I see your point.   Its an interesting arguement.  



> This is one of those things we would have a much easier time discussing where we could each share techniques in person so as to illustrate why we each approach it the way we do.
> 
> At this point I don't expect total agreement, but it's been a productive talk just the same.


 
Agreed.  I'm glad that the thread has taken this turn.


----------



## zDom

Tez3 said:


> Why train in martial arts and not fight? Would you learn to swim on dry land or learn to ride a bicycle by using a gym one?



Well, let me answer this with your swimming analogy:

IMO, there are ways and places to practice "survival swimming" other than in the North Atlantic with 20-foot swells.

Nothing wrong with spending most of your time in a pool, lake or pond with an occassional visit to the ocean to swim out past the breakers in some three or four foot swells, is there? 

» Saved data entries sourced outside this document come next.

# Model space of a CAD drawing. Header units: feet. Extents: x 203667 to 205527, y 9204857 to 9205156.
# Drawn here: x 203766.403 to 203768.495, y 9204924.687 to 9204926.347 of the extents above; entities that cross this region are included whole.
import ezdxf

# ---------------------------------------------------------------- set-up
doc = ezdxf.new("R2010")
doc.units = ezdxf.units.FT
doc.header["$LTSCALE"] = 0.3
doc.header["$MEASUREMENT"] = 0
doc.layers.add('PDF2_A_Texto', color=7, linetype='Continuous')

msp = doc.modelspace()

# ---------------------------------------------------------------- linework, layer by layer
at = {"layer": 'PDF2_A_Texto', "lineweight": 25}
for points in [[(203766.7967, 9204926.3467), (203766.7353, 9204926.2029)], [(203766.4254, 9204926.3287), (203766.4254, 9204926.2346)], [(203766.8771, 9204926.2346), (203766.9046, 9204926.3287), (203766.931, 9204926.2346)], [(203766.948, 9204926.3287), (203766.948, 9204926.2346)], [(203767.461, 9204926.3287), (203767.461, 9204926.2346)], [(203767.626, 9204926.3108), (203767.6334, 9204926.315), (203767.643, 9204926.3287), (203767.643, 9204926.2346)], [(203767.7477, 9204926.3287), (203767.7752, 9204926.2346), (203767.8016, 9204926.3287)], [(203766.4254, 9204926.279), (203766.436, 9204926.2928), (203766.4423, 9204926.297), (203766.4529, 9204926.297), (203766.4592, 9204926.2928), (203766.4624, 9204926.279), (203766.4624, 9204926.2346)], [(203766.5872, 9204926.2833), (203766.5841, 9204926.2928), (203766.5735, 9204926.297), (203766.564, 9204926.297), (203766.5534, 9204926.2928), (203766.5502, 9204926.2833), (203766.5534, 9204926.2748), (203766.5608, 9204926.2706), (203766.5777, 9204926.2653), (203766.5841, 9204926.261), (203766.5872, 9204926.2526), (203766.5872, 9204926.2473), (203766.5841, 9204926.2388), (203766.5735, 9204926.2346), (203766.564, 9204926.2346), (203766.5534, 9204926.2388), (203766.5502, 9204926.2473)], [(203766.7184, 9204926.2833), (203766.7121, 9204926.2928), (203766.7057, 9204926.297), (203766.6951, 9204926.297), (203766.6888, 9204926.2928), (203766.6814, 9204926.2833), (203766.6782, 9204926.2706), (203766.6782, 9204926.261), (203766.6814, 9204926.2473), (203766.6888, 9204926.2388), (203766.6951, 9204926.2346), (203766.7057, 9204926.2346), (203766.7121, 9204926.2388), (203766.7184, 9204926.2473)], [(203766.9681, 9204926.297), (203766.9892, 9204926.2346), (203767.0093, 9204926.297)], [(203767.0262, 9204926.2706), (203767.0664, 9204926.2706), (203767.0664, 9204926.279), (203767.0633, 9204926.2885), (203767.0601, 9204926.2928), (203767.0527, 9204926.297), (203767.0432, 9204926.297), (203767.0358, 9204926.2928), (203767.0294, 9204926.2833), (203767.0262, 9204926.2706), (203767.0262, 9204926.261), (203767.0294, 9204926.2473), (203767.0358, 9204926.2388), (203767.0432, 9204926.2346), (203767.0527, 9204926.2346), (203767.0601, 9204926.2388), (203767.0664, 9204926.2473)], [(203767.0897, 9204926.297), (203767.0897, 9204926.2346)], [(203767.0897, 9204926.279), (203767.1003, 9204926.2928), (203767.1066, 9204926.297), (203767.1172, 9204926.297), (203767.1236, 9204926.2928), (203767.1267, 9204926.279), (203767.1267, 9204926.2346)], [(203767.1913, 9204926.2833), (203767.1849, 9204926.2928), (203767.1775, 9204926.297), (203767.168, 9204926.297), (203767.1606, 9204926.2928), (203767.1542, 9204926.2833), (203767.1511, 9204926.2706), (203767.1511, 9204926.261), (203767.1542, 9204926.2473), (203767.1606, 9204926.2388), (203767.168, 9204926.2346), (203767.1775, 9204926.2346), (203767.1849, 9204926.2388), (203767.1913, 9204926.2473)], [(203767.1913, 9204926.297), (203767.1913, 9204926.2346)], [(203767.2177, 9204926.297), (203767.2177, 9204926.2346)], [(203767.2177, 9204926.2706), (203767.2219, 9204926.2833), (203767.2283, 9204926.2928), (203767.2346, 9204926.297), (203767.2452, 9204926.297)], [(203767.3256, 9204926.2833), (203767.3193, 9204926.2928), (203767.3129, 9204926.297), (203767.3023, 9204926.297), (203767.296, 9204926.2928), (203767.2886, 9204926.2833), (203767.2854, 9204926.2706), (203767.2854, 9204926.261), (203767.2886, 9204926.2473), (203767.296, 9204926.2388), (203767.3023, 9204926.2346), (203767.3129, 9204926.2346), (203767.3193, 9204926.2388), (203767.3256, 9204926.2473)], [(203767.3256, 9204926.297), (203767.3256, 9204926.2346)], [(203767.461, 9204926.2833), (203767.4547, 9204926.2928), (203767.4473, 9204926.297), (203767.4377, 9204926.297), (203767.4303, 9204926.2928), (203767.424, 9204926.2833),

I'm still swimming, and if need be, I'm pretty sure I could survive for a short while in the North Atlantic in case I fall off a cruise ship and have to wait for a boat to get me back on board, eh?



Moving on the next analogy,

While there are some things you can only learn from being on a REAL bike, you can certainly train your legs and cardio up on a stationary bike. And if you already KNOW how to ride a bike and don't want to ride outside in the rain, why not get a workout on a stationary bike?

Ok, enough analogies for now 

I like fighting, to a certain extent. I LOVE ITF-style continuous sparring -- it is my favorite game in the whole world. I even like to play it rough. And believe me, while I don't want to play the UFC game, I very much doubt there are very many UFC fighters who would like to play ITF full contact game with me for very long   I'm very, very good at it. And I hit very, very hard (when I want to) with both feet and hands.

On the other hand, I don't like rehabilitating injuries. I despise it.

Different strokes for different folks.

I DO like watching just about any fight game where kicking is part of the action -- including UFC, Pride Fighting, and I just saw a new one the other day -- IFC or something like that.

Now a question: these 60-year old guys are playing full-contact MMA games? Or just training MMA?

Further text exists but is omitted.